Depending on which side of the grading debate one supports, the faculty’s failure to pass reform is either shamefully inexcusable or eminently applaudable. Rakoff’s proposal was the butt of many a joke – remember John Fagan’s stand up act about future students receiving grades such as “Way to Go” in Criminal Law – and deservedly so. Any plan that acted in the name of reform while apparently changing nothing of substantive value was doomed. Warren’s plan, on the other hand, diagnosed student disaffection with grading and attempted to precisely excise this tumor of the law school experience. Finding such a treatment too radical, the faculty elected instead for a time-tested remedy – nothing at all.

Thus, the one nearly universal student concern remained unmet. Two costless methods to improve the Harvard Law School world failed to evoke enough faculty sympathy, and silence was the answer instead.

Yet witness the positive faculty response to a change in class size, which
brought with it the need to hire 15 new faculty members over the next decade (that’s net, so we’re talking additional profs to replace ones who retire, die, etc.) What was the faculty motive for such support? At first blush, such a move is very expensive. The Strategic Plan allocates $75 million in endowed funding for the hiring of professors, and another $100 million to house them. Moreover, each new professor dilutes not only the power of each faculty member’s vote, but also the exclusiveness of being a “Harvard Law Professor.” Such a subtitle isn’t bestowed upon just anyone, you know.

Why, then, did the faculty take such a bold step? Student concerns can hardly be the reason, or grade reform would have carried the day. A true cynic might suggest that grade reform doesn’t impact the school’s U.S. News & World Report ranking, but student/faculty ratio sure does. So, for that matter, does financial aid (which got a $20 million boost in the Strategic Plan) and overall per student spending. With Columbia nipping at fair Harvard’s heels in the law rankings, maybe this fact resonated in the hearts and minds of the faculty reformers.

Yet the U.S. News rankings don’t address the whole story. The faculty did, after all, reject an attempt to cut the entering class size by 100 students. Perhaps that was too overt, perhaps it was simply a revolutionary move that hadn’t sufficient time to percolate in the faculty.

Nonetheless, a glaring fact pervades all of the Strategic Plan. What won out in the end was the institution – more money (and a chance for Dean Clark to shake loose another chunk of alumni change), more faculty, more buildings. Smaller classes, but the same grades. HLS scored a bunch of touchdowns, millions of them in fact, but the students had to settle for a few measly field goals.

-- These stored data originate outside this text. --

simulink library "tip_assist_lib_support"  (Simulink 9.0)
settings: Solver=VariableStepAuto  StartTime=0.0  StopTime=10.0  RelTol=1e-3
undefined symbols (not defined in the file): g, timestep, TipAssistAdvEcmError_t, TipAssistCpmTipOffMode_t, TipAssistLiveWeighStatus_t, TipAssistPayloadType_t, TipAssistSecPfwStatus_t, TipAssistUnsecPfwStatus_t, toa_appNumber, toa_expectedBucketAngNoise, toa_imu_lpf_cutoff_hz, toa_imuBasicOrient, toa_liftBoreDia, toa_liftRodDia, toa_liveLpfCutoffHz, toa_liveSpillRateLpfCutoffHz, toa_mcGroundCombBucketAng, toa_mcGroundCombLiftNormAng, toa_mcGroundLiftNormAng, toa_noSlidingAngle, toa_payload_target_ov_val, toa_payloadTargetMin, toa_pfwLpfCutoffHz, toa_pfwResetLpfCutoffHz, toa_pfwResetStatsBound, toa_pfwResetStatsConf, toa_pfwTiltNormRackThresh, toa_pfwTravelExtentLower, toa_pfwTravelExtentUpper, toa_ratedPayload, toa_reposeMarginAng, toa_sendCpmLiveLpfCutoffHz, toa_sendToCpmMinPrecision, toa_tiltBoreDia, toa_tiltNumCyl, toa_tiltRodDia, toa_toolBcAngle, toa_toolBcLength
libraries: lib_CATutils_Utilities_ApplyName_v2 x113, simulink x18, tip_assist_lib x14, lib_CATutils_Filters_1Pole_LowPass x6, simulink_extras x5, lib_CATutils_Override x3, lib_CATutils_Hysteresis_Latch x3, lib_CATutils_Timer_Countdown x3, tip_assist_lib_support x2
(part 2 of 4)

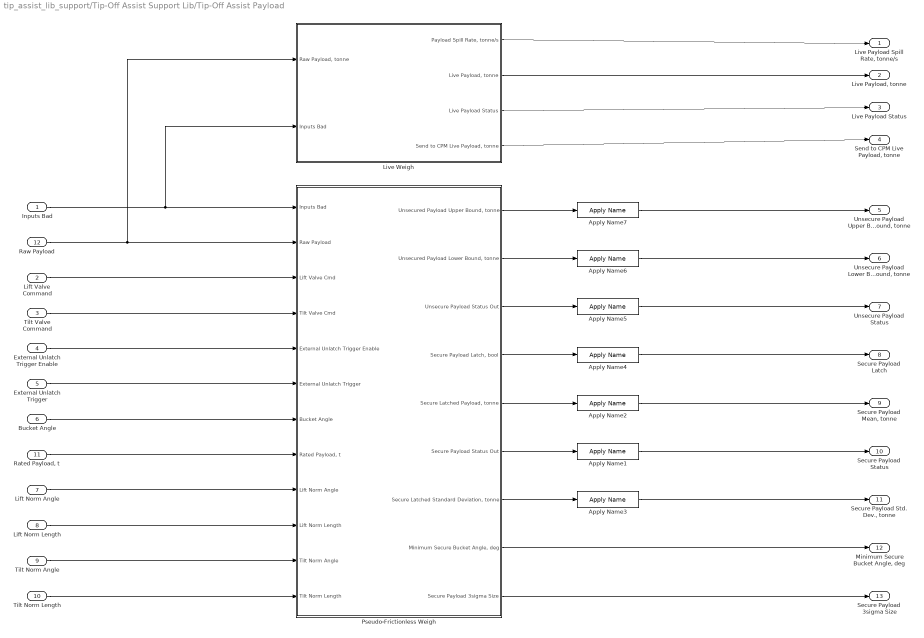
== system tip_assist_lib_support/Tip-Off Assist Support Lib/Tip-Off Assist Payload ==
  Inputs Bad : Inport
  Lift Valve Command : Inport  Port=2
  Tilt Valve Command : Inport  Port=3
  External Unlatch Trigger Enable : Inport  Port=4
  External Unlatch Trigger : Inport  Port=5
  Bucket Angle : Inport  Port=6
  Lift Norm Angle : Inport  Port=7
  Lift Norm Length : Inport  Port=8
  Tilt Norm Angle : Inport  Port=9
  Tilt Norm Length : Inport  Port=10
  "Rated Payload, t" : Inport  Port=11
  Raw Payload : Inport  Port=12
  Apply Name1 : lib_CATutils_Utilities_ApplyName_v2/Apply Name  sigLabel='toa_pfwSecStatus'  enTst=true
  Apply Name2 : lib_CATutils_Utilities_ApplyName_v2/Apply Name  sigLabel='toa_pfwSecPayload'  enTst=true
  Apply Name3 : lib_CATutils_Utilities_ApplyName_v2/Apply Name  sigLabel='toa_pfwSecStDev'  enTst=true
  Apply Name4 : lib_CATutils_Utilities_ApplyName_v2/Apply Name  sigLabel='toa_pfwSecLatch'  enTst=true
  Apply Name5 : lib_CATutils_Utilities_ApplyName_v2/Apply Name  sigLabel='toa_pfwUnsecStatus'  enTst=true
  Apply Name6 : lib_CATutils_Utilities_ApplyName_v2/Apply Name  sigLabel='toa_pfwUnsecBoundLower'  enTst=true
  Apply Name7 : lib_CATutils_Utilities_ApplyName_v2/Apply Name  sigLabel='toa_pfwUnsecBoundUpper'  enTst=true
  Live Weigh : Subsystem
  Pseudo-Frictionless Weigh : Subsystem
  "Live Payload Spill Rate, tonne/s" : Outport
  "Live Payload, tonne" : Outport  Port=2
  Live Payload Status : Outport  Port=3
  "Send to CPM Live Payload, tonne" : Outport  Port=4
  "Unsecure Payload Upper Bound, tonne" : Outport  Port=5
  "Unsecure Payload Lower Bound, tonne" : Outport  Port=6
  Unsecure Payload Status : Outport  Port=7
  Secure Payload Latch : Outport  Port=8
  "Secure Payload Mean, tonne" : Outport  Port=9
  Secure Payload Status : Outport  Port=10
  "Secure Payload Std. Dev., tonne" : Outport  Port=11
  "Minimum Secure Bucket Angle, deg" : Outport  Port=12
  Secure Payload 3sigma Size : Outport  Port=13
  wires:
  Lift Valve Command/1 -> Pseudo-Frictionless Weigh/3(Lift Valve Cmd)
  Tilt Valve Command/1 -> Pseudo-Frictionless Weigh/4(Tilt Valve Cmd)
  Pseudo-Frictionless Weigh/7("Secure Latched Standard Deviation, tonne") -> Apply Name3/1
  Pseudo-Frictionless Weigh/6(Secure Payload Status Out) -> Apply Name1/1
  Pseudo-Frictionless Weigh/4("Secure Payload Latch, bool") -> Apply Name4/1
  Pseudo-Frictionless Weigh/5("Secure Latched Payload, tonne") -> Apply Name2/1
  Raw Payload/1 -> Live Weigh/1("Raw Payload, tonne"), Pseudo-Frictionless Weigh/2(Raw Payload)
  Inputs Bad/1 -> Live Weigh/2(Inputs Bad), Pseudo-Frictionless Weigh/1(Inputs Bad)
  Live Weigh/1("Payload Spill Rate, tonne/s") -> "Live Payload Spill Rate, tonne/s"/1
  Live Weigh/2("Live Payload, tonne") -> "Live Payload, tonne"/1
  Live Weigh/3(Live Payload Status) -> Live Payload Status/1
  External Unlatch Trigger Enable/1 -> Pseudo-Frictionless Weigh/5(External Unlatch Trigger Enable)
  External Unlatch Trigger/1 -> Pseudo-Frictionless Weigh/6(External Unlatch Trigger)
  Bucket Angle/1 -> Pseudo-Frictionless Weigh/7(Bucket Angle)
  Pseudo-Frictionless Weigh/2("Unsecured Payload Lower Bound, tonne") -> Apply Name6/1
  Pseudo-Frictionless Weigh/1("Unsecured Payload Upper Bound, tonne") -> Apply Name7/1
  "Rated Payload, t"/1 -> Pseudo-Frictionless Weigh/8("Rated Payload, t")
  Lift Norm Angle/1 -> Pseudo-Frictionless Weigh/9("Lift Norm Angle ")
  Lift Norm Length/1 -> Pseudo-Frictionless Weigh/10(Lift Norm Length)
  Tilt Norm Angle/1 -> Pseudo-Frictionless Weigh/11(Tilt Norm Angle)
  Tilt Norm Length/1 -> Pseudo-Frictionless Weigh/12(Tilt Norm Length)
  Pseudo-Frictionless Weigh/3(Unsecure Payload Status Out) -> Apply Name5/1
  Apply Name4/1 -> Secure Payload Latch/1
  Apply Name2/1 -> "Secure Payload Mean, tonne"/1
  Apply Name1/1 -> Secure Payload Status/1
  Apply Name3/1 -> "Secure Payload Std. Dev., tonne"/1
  Apply Name5/1 -> Unsecure Payload Status/1
  Apply Name6/1 -> "Unsecure Payload Lower Bound, tonne"/1
  Apply Name7/1 -> "Unsecure Payload Upper Bound, tonne"/1
  Pseudo-Frictionless Weigh/8("Minimum Secure Bucket Angle, deg") -> "Minimum Secure Bucket Angle, deg"/1
  Pseudo-Frictionless Weigh/9(Secure Payload 3sigma Size) -> Secure Payload 3sigma Size/1
  Live Weigh/4("Send to CPM Live Payload, tonne") -> "Send to CPM Live Payload, tonne"/1

== system tip_assist_lib_support/Tip-Off Assist Support Lib/EEF IMU to NEEF gravity vector/imu lpf x1 ==
  in : Inport
  "cutoff freq, Hz" : Inport  Port=2
  Filter Factor Calc : Subsystem
  Single Pole Low Pass Filter : lib_CATutils_Filters_1Pole_LowPass/Single Pole Low Pass Filter  extFactor=on  extReset=off  incIntWordSize=off  mainInternalRes=off  filtFactor=.0001
  Single Pole Low Pass Filter1 : lib_CATutils_Filters_1Pole_LowPass/Single Pole Low Pass Filter  extFactor=on  extReset=off  incIntWordSize=off  mainInternalRes=off  filtFactor=.0001
  out : Outport
  wires:
  in/1 -> Single Pole Low Pass Filter/1
  Single Pole Low Pass Filter1/1 -> out/1
  Single Pole Low Pass Filter/1 -> Single Pole Low Pass Filter1/1
  "cutoff freq, Hz"/1 -> Filter Factor Calc/1(Cutoff (Hz))
  Filter Factor Calc/1(Filter Factor) -> Single Pole Low Pass Filter1/2, Single Pole Low Pass Filter/2

== system tip_assist_lib_support/Tip-Off Assist Support Lib/EEF IMU to NEEF gravity vector/normalize vector ==
  in : Inport
  Divide : Product  Inputs=*/  OutDataTypeStr=Inherit: Same as first input
  Math Function : Math  Operator=square  SaturateOnIntegerOverflow=on
  Math Function1 : Math  Operator=sqrt  SaturateOnIntegerOverflow=on
  Sum of Elements : Sum  Inputs=+
  out : Outport
  wires:
  Divide/1 -> out/1
  in/1 -> Math Function/1, Divide/1
  Math Function1/1 -> Divide/2
  Math Function/1 -> Sum of Elements/1
  Sum of Elements/1 -> Math Function1/1

== system tip_assist_lib_support/Tip-Off Assist Support Lib/Gravity Relevant Components/Magnitude ==
  vector : Inport
  Math Function : Math  Operator=square  SaturateOnIntegerOverflow=on
  Math Function1 : Math  Operator=sqrt  SaturateOnIntegerOverflow=on
  Sum of Elements : Sum  Inputs=+
  magnitude : Outport
  wires:
  vector/1 -> Math Function/1
  Sum of Elements/1 -> Math Function1/1
  Math Function/1 -> Sum of Elements/1
  Math Function1/1 -> magnitude/1

== system tip_assist_lib_support/Tip-Off Assist Support Lib/Send to Implement/Arbitrated Payload Fit in Datalink Representation ==
  In : Inport
  Constant : Constant  Value=200  OutDataTypeStr=single  SampleTime=-1
  Relational Operator : RelationalOperator  Operator=isNaN  OutDataTypeStr=boolean  RndMeth=Simplest
  Saturation : Saturate  UpperLimit=200  LowerLimit=-200
  Switch : Switch  Criteria=u2 ~= 0
  Out : Outport
  wires:
  Relational Operator/1 -> Switch/2
  In/1 -> Relational Operator/1, Switch/3
  Constant/1 -> Switch/1
  Switch/1 -> Saturation/1
  Saturation/1 -> Out/1

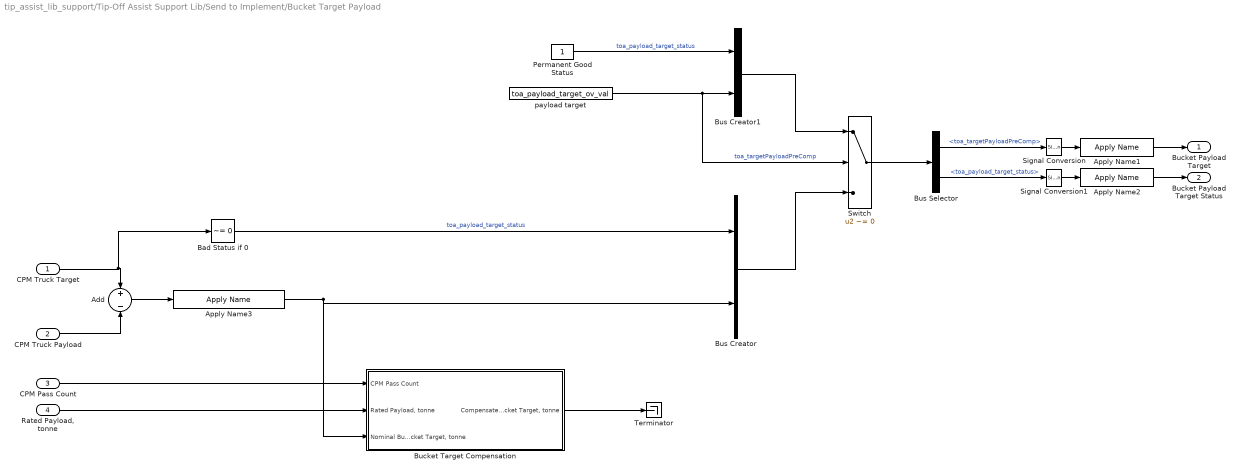
== system tip_assist_lib_support/Tip-Off Assist Support Lib/Send to Implement/Bucket Target Payload ==
  CPM Truck Target : Inport
  CPM Truck Payload : Inport  Port=2
  CPM Pass Count : Inport  Port=3
  "Rated Payload, tonne" : Inport  Port=4
  Add : Sum  Inputs=+-  SaturateOnIntegerOverflow=on  InputSameDT=on  OutDataTypeStr=Inherit: Same as first input
  Apply Name1 : lib_CATutils_Utilities_ApplyName_v2/Apply Name  sigLabel='toa_targetPayloadFinal'  enTst=true
  Apply Name2 : lib_CATutils_Utilities_ApplyName_v2/Apply Name  sigLabel='toa_targetPayloadStatus'  enTst=true
  Apply Name3 : lib_CATutils_Utilities_ApplyName_v2/Apply Name  sigLabel='toa_targetPayloadPreComp'  enTst=true
  Bad Status if 0 : simulink/Logic and Bit Operations/Compare To Constant  relop=~=  const=0  OutDataTypeStr=boolean
      settings: AttributesFormatString=Operator: %<relop>\nConst: %<const>
  Bucket Target Compensation : Subsystem
  Bus Creator : BusCreator  Inputs=2
  Bus Creator1 : BusCreator  Inputs=2
  Bus Selector : BusSelector  OutputSignals=toa_targetPayloadPreComp,toa_payload_target_status
  Permanent Good Status : Constant  OutDataTypeStr=boolean  SampleTime=-1
  Signal Conversion : SignalConversion  OverrideOpt=off
  Signal Conversion1 : SignalConversion  OverrideOpt=off
  Switch : Switch  Criteria=u2 ~= 0  SaturateOnIntegerOverflow=on  InputSameDT=on
      settings: AttributesFormatString=Criteria: %<Criteria>
  Terminator : Terminator
  payload target : Constant  Value=toa_payload_target_ov_val  OutDataTypeStr=single  SampleTime=-1
  Bucket Payload Target : Outport
  Bucket Payload Target Status : Outport  Port=2
  wires:
  Bus Selector/1 -> Signal Conversion/1  "<toa_targetPayloadPreComp>"
  Switch/1 -> Bus Selector/1
  payload target/1 -> Bus Creator1/2, Switch/2  "toa_targetPayloadPreComp"
  Bus Creator1/1 -> Switch/1
  Bus Creator/1 -> Switch/3
  Permanent Good Status/1 -> Bus Creator1/1  "toa_payload_target_status"
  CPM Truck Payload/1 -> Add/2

The great ship of Harvard Law will steam on for another century. With money to burn, and a crew to steer it, that fact is not in dispute. The course has been plotted. Only one thing changes on the Law Boat, however. A set of passengers purchased the ticket, another set of passengers boarded the ship, and still yet another will arrive at the destination. Whether it will be what they want, though, is anyone’s guess.